“TANGK” – Reminding us that anger hides a whole lot of joy, that punk is more about love than anything else

Dan Harrison

He/Him

Contributor

2/22/24

Genres: Rock, post-punk, bunker-punk, quiet ‘n loud

I was on a dock last summer with a person I love when our hair started floating up off our shoulders, just a few strands at a time. So we laughed, uneasy at first, then marveled at this, the crackling air, and the whole time we watched a thunderstorm roll towards us over the lake, and only when we ran inside under sheets of rain did we realize how the storm had wrapped us up in itself.

I’m finding this same sense of unease in TANGK, the new record from British band IDLES. The album is full of restraint – each listen paints a picture of a band barely held together, fingers itching to play and voices trying not to yell, and it’s thanks to this restraint that the loud tracks hit so damn well. It’s as if the whole album is circling some explosive centerpiece, waiting for sheets of rain and forks of lightning. When it strikes, it strikes. 

IDLES are the first to say they aren’t a punk band, but “Dancer,” the sonic centerpiece of the album, begs to differ. “Dancers hip to hip, dancing cheek to cheek” roars frontman Joe Talbot, backed by a guest feature from LCD Soundsystem. The industrial guitar drones on, but don’t be fooled by Talbot’s simple lyricism, as he follows up with gems like “I can taste the mood in my mouth like particles of punch-drunk love.” It’s an ode to the mosh-pit, a call for everyone to get up and lose themselves in a crowd, in a song, in a feeling. If that’s not punk we’ve lost our way. 

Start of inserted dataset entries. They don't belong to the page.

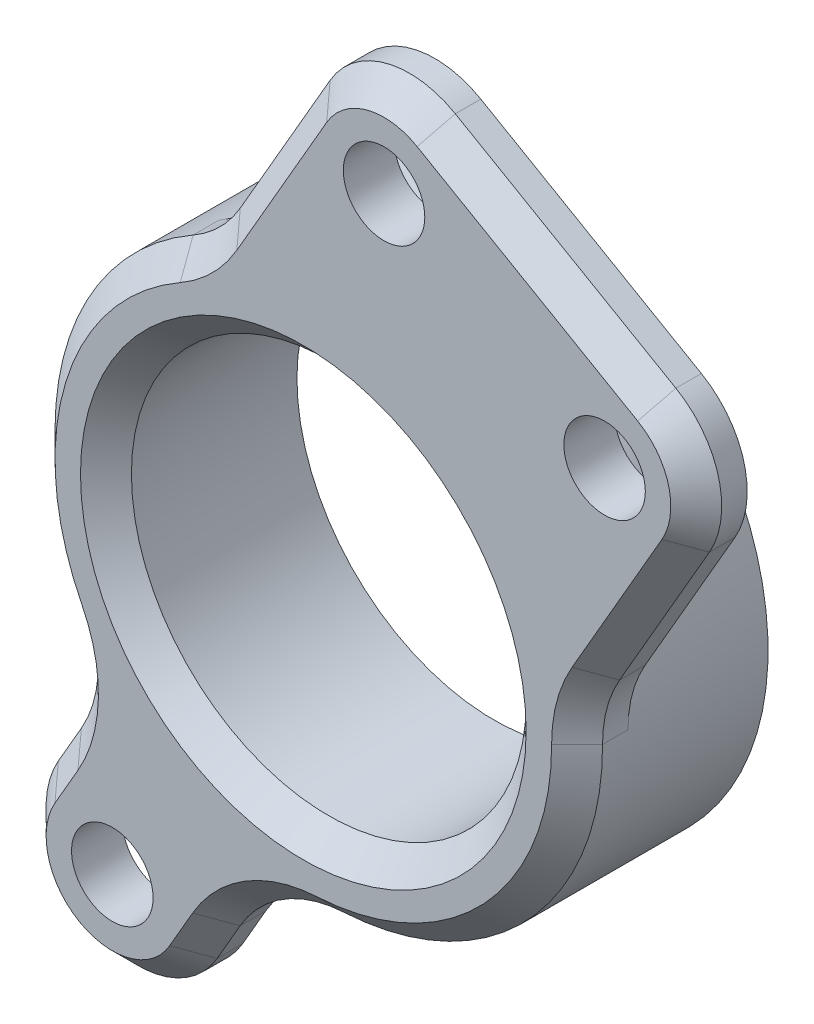
ISO-10303-21;
HEADER;
FILE_DESCRIPTION(('STEP AP214'),'2;1');
FILE_NAME('part.step','',(''),(''),'','','');
FILE_SCHEMA(('AUTOMOTIVE_DESIGN { 1 0 10303 214 1 1 1 1 }'));
ENDSEC;
DATA;
#1=APPLICATION_CONTEXT('core data for automotive mechanical design processes');
#2=APPLICATION_PROTOCOL_DEFINITION('international standard','automotive_design',2000,#1);
#3=PRODUCT_CONTEXT('',#1,'mechanical');
#4=PRODUCT('Part','Part','',(#3));
#5=PRODUCT_RELATED_PRODUCT_CATEGORY('part','',(#4));
#6=PRODUCT_DEFINITION_FORMATION('','',#4);
#7=PRODUCT_DEFINITION_CONTEXT('part definition',#1,'design');
#8=PRODUCT_DEFINITION('design','',#6,#7);
#9=PRODUCT_DEFINITION_SHAPE('','',#8);
#10=(LENGTH_UNIT() NAMED_UNIT(*) SI_UNIT(.MILLI.,.METRE.));
#11=(NAMED_UNIT(*) PLANE_ANGLE_UNIT() SI_UNIT($,.RADIAN.));
#12=(NAMED_UNIT(*) SI_UNIT($,.STERADIAN.) SOLID_ANGLE_UNIT());
#13=UNCERTAINTY_MEASURE_WITH_UNIT(LENGTH_MEASURE(1.E-05),#10,'distance_accuracy_value','');
#14=(GEOMETRIC_REPRESENTATION_CONTEXT(3) GLOBAL_UNCERTAINTY_ASSIGNED_CONTEXT((#13)) GLOBAL_UNIT_ASSIGNED_CONTEXT((#10,
#11,#12)) REPRESENTATION_CONTEXT('',''));
#15=CARTESIAN_POINT('',(0.,0.,0.));
#16=DIRECTION('',(0.,0.,1.));
#17=DIRECTION('',(1.,0.,0.));
#18=AXIS2_PLACEMENT_3D('',#15,#16,#17);
#19=CARTESIAN_POINT('',(0.,0.,0.));
#20=DIRECTION('',(0.,0.,1.));
#21=DIRECTION('',(1.,0.,0.));
#22=AXIS2_PLACEMENT_3D('',#19,#20,#21);
#23=PLANE('',#22);
#24=CARTESIAN_POINT('',(3.16987298107781,15.4903810567665,0.));
#25=DIRECTION('',(0.,0.,1.));
#26=DIRECTION('',(1.,0.,0.));
#27=AXIS2_PLACEMENT_3D('',#24,#25,#26);
#28=CIRCLE('',#27,1.6);
#29=CARTESIAN_POINT('',(4.76987298107781,15.4903810567665,0.));
#30=VERTEX_POINT('',#29);
#31=EDGE_CURVE('E245',#30,#30,#28,.T.);
#32=ORIENTED_EDGE('',*,*,#31,.T.);
#33=EDGE_LOOP('',(#32));
#34=FACE_BOUND('',#33,.T.);
#35=CARTESIAN_POINT('',(11.8301270189222,10.4903810567665,0.));
#36=DIRECTION('',(0.,0.,1.));
#37=DIRECTION('',(1.,0.,0.));
#38=AXIS2_PLACEMENT_3D('',#35,#36,#37);
#39=CIRCLE('',#38,1.6);
#40=CARTESIAN_POINT('',(13.4301270189222,10.4903810567665,0.));
#41=VERTEX_POINT('',#40);
#42=EDGE_CURVE('E242',#41,#41,#39,.T.);
#43=ORIENTED_EDGE('',*,*,#42,.T.);
#44=EDGE_LOOP('',(#43));
#45=FACE_BOUND('',#44,.T.);
#46=DIRECTION('',(-0.500000000000001,-0.866025403784438,0.));
#47=VECTOR('',#46,1.);
#48=CARTESIAN_POINT('',(7.44781847254616,-4.3,0.));
#49=LINE('',#48,#47);
#50=CARTESIAN_POINT('',(14.9478184725461,8.69038105676655,0.));
#51=VERTEX_POINT('',#50);
#52=CARTESIAN_POINT('',(11.4196725735927,2.57945310326333,0.));
#53=VERTEX_POINT('',#52);
#54=EDGE_CURVE('E227',#51,#53,#49,.T.);
#55=ORIENTED_EDGE('',*,*,#54,.T.);
#56=CARTESIAN_POINT('',(15.7497995925148,0.0794531032633251,0.));
#57=DIRECTION('',(0.,0.,1.));
#58=DIRECTION('',(1.,0.,0.));
#59=AXIS2_PLACEMENT_3D('',#56,#57,#58);
#60=CIRCLE('',#59,5.);
#61=CARTESIAN_POINT('',(10.7498632139387,0.0542298958781293,0.));
#62=VERTEX_POINT('',#61);
#63=EDGE_CURVE('E284',#53,#62,#60,.T.);
#64=ORIENTED_EDGE('',*,*,#63,.T.);
#65=CARTESIAN_POINT('',(0.,0.,0.));
#66=DIRECTION('',(0.,0.,1.));
#67=DIRECTION('',(1.,0.,0.));
#68=AXIS2_PLACEMENT_3D('',#65,#66,#67);
#69=CIRCLE('',#68,10.75);
#70=CARTESIAN_POINT('',(-5.3279671394943,9.33676957841782,0.));
#71=VERTEX_POINT('',#70);
#72=EDGE_CURVE('E390',#62,#71,#69,.T.);
#73=ORIENTED_EDGE('',*,*,#72,.T.);
#74=CARTESIAN_POINT('',(-7.80609139042187,13.6794531032633,0.));
#75=DIRECTION('',(0.,0.,1.));
#76=DIRECTION('',(1.,0.,0.));
#77=AXIS2_PLACEMENT_3D('',#74,#75,#76);
#78=CIRCLE('',#77,5.);
#79=CARTESIAN_POINT('',(-3.47596437149967,11.1794531032633,0.));
#80=VERTEX_POINT('',#79);
#81=EDGE_CURVE('E278',#71,#80,#78,.T.);
#82=ORIENTED_EDGE('',*,*,#81,.T.);
#83=DIRECTION('',(-0.500000000000001,-0.866025403784438,0.));
#84=VECTOR('',#83,1.);
#85=CARTESIAN_POINT('',(-7.44781847254617,4.3,0.));
#86=LINE('',#85,#84);
#87=CARTESIAN_POINT('',(0.0521815274538246,17.2903810567665,0.));
#88=VERTEX_POINT('',#87);
#89=EDGE_CURVE('E239',#88,#80,#86,.T.);
#90=ORIENTED_EDGE('',*,*,#89,.F.);
#91=CARTESIAN_POINT('',(3.16987298107781,15.4903810567665,0.));
#92=DIRECTION('',(0.,0.,1.));
#93=DIRECTION('',(1.,0.,0.));
#94=AXIS2_PLACEMENT_3D('',#91,#92,#93);
#95=CIRCLE('',#94,3.6);
#96=CARTESIAN_POINT('',(4.96987298107781,18.6080725103905,0.));
#97=VERTEX_POINT('',#96);
#98=EDGE_CURVE('E236',#97,#88,#95,.T.);
#99=ORIENTED_EDGE('',*,*,#98,.F.);
#100=DIRECTION('',(0.866025403784438,-0.500000000000001,0.));
#101=VECTOR('',#100,1.);
#102=CARTESIAN_POINT('',(9.29999999999999,16.1080725103905,0.));
#103=LINE('',#102,#101);
#104=CARTESIAN_POINT('',(13.6301270189222,13.6080725103905,0.));
#105=VERTEX_POINT('',#104);
#106=EDGE_CURVE('E233',#97,#105,#103,.T.);
#107=ORIENTED_EDGE('',*,*,#106,.T.);
#108=CARTESIAN_POINT('',(11.8301270189222,10.4903810567665,0.));
#109=DIRECTION('',(0.,0.,1.));
#110=DIRECTION('',(1.,0.,0.));
#111=AXIS2_PLACEMENT_3D('',#108,#109,#110);
#112=CIRCLE('',#111,3.6);
#113=EDGE_CURVE('E230',#105,#51,#112,.F.);
#114=ORIENTED_EDGE('',*,*,#113,.T.);
#115=EDGE_LOOP('',(#55,#64,#73,#82,#90,#99,#107,#114));
#116=FACE_BOUND('',#115,.T.);
#117=ADVANCED_FACE('F48',(#34,#45,#116),#23,.F.);
#118=CARTESIAN_POINT('',(-3.11769145362399,1.80000000000001,2.));
#119=DIRECTION('',(-0.866025403784439,0.5,0.));
#120=DIRECTION('',(-0.5,-0.866025403784439,0.));
#121=AXIS2_PLACEMENT_3D('',#118,#119,#120);
#122=PLANE('',#121);
#123=DIRECTION('',(0.,0.,-1.));
#124=VECTOR('',#123,1.);
#125=CARTESIAN_POINT('',(-10.617691453624,-11.1903810567666,2.));
#126=LINE('',#125,#124);
#127=CARTESIAN_POINT('',(-10.617691453624,-11.1903810567666,0.999999999999991));
#128=VERTEX_POINT('',#127);
#129=CARTESIAN_POINT('',(-10.617691453624,-11.1903810567666,0.));
#130=VERTEX_POINT('',#129);
#131=EDGE_CURVE('E194',#128,#130,#126,.T.);
#132=ORIENTED_EDGE('',*,*,#131,.F.);
#133=DIRECTION('',(0.5,0.866025403784439,0.));
#134=VECTOR('',#133,1.);
#135=CARTESIAN_POINT('',(-3.11769145362399,1.80000000000001,0.999999999999991));
#136=LINE('',#135,#134);
#137=CARTESIAN_POINT('',(-9.71508677299059,-9.62702389076004,0.999999999999992));
#138=VERTEX_POINT('',#137);
#139=EDGE_CURVE('E323',#128,#138,#136,.T.);
#140=ORIENTED_EDGE('',*,*,#139,.T.);
#141=DIRECTION('',(0.,0.,-1.));
#142=VECTOR('',#141,1.);
#143=CARTESIAN_POINT('',(-9.71508677299059,-9.62702389076004,2.));
#144=LINE('',#143,#142);
#145=CARTESIAN_POINT('',(-9.71508677299059,-9.62702389076004,0.));
#146=VERTEX_POINT('',#145);
#147=EDGE_CURVE('E217',#138,#146,#144,.T.);
#148=ORIENTED_EDGE('',*,*,#147,.T.);
#149=DIRECTION('',(0.5,0.866025403784439,0.));
#150=VECTOR('',#149,1.);
#151=CARTESIAN_POINT('',(-3.11769145362399,1.80000000000001,0.));
#152=LINE('',#151,#150);
#153=EDGE_CURVE('E211',#130,#146,#152,.T.);
#154=ORIENTED_EDGE('',*,*,#153,.F.);
#155=EDGE_LOOP('',(#132,#140,#148,#154));
#156=FACE_BOUND('',#155,.T.);
#157=ADVANCED_FACE('F215',(#156),#122,.T.);
#158=CARTESIAN_POINT('',(-7.50000000000003,-12.9903810567666,2.));
#159=DIRECTION('',(0.,0.,-1.));
#160=DIRECTION('',(-1.,0.,0.));
#161=AXIS2_PLACEMENT_3D('',#158,#159,#160);
#162=CYLINDRICAL_SURFACE('',#161,3.6);
#163=DIRECTION('',(0.,0.,-1.));
#164=VECTOR('',#163,1.);
#165=CARTESIAN_POINT('',(-4.38230854637605,-14.7903810567666,2.));
#166=LINE('',#165,#164);
#167=CARTESIAN_POINT('',(-4.38230854637605,-14.7903810567666,0.999999999999992));
#168=VERTEX_POINT('',#167);
#169=CARTESIAN_POINT('',(-4.38230854637605,-14.7903810567666,0.));
#170=VERTEX_POINT('',#169);
#171=EDGE_CURVE('E204',#168,#170,#166,.T.);
#172=ORIENTED_EDGE('',*,*,#171,.F.);
#173=CARTESIAN_POINT('',(-7.50000000000003,-12.9903810567666,0.999999999999992));
#174=DIRECTION('',(0.,0.,1.));
#175=DIRECTION('',(1.,0.,0.));
#176=AXIS2_PLACEMENT_3D('',#173,#174,#175);
#177=CIRCLE('',#176,3.6);
#178=EDGE_CURVE('E200',#168,#128,#177,.F.);
#179=ORIENTED_EDGE('',*,*,#178,.T.);
#180=ORIENTED_EDGE('',*,*,#131,.T.);
#181=CARTESIAN_POINT('',(-7.50000000000003,-12.9903810567666,0.));
#182=DIRECTION('',(0.,0.,1.));
#183=DIRECTION('',(1.,0.,0.));
#184=AXIS2_PLACEMENT_3D('',#181,#182,#183);
#185=CIRCLE('',#184,3.6);
#186=EDGE_CURVE('E198',#130,#170,#185,.T.);
#187=ORIENTED_EDGE('',*,*,#186,.T.);
#188=EDGE_LOOP('',(#172,#179,#180,#187));
#189=FACE_BOUND('',#188,.T.);
#190=ADVANCED_FACE('F197',(#189),#162,.T.);
#191=CARTESIAN_POINT('',(3.11769145362398,-1.8,2.));
#192=DIRECTION('',(-0.866025403784438,0.5,0.));
#193=DIRECTION('',(-0.5,-0.866025403784438,0.));
#194=AXIS2_PLACEMENT_3D('',#191,#192,#193);
#195=PLANE('',#194);
#196=DIRECTION('',(0.,0.,1.));
#197=VECTOR('',#196,1.);
#198=CARTESIAN_POINT('',(-3.47970386574262,-13.22702389076,2.));
#199=LINE('',#198,#197);
#200=CARTESIAN_POINT('',(-3.47970386574262,-13.22702389076,0.));
#201=VERTEX_POINT('',#200);
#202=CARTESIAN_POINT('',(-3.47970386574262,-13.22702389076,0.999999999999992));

But punk begs for something to rage against, and this is where IDLES walk their own path. Foreshadowed by 2018’s Joy as an Act of Resistance, this album’s obsession is love. “All is love and love is all,” sings Talbot on “Gift Horse,” punctuated by a gravelly “Fuck the king,” in case you worry they’ve drifted from their roots in British-working class protest music. “Pop pop pop,” is the band at their most experimental, drifting towards hip-hop not unlike that of Death Grips, but even here they hang onto love as Talbot sings “Freudenfreude / Joy on joy.” This latter flips “schadenfreude” on its head, taking pleasure in joy itself. 

“Roy” might be their most traditional song, driven by a drum part that drags you along with it until you’re face to face with Talbot screaming “Baby, baby, baby,” watching his voice crack in the cold air. The following track, “A Gospel” drops you back into the anxious silence, knowing what the band is capable of and knowing how they deny it. 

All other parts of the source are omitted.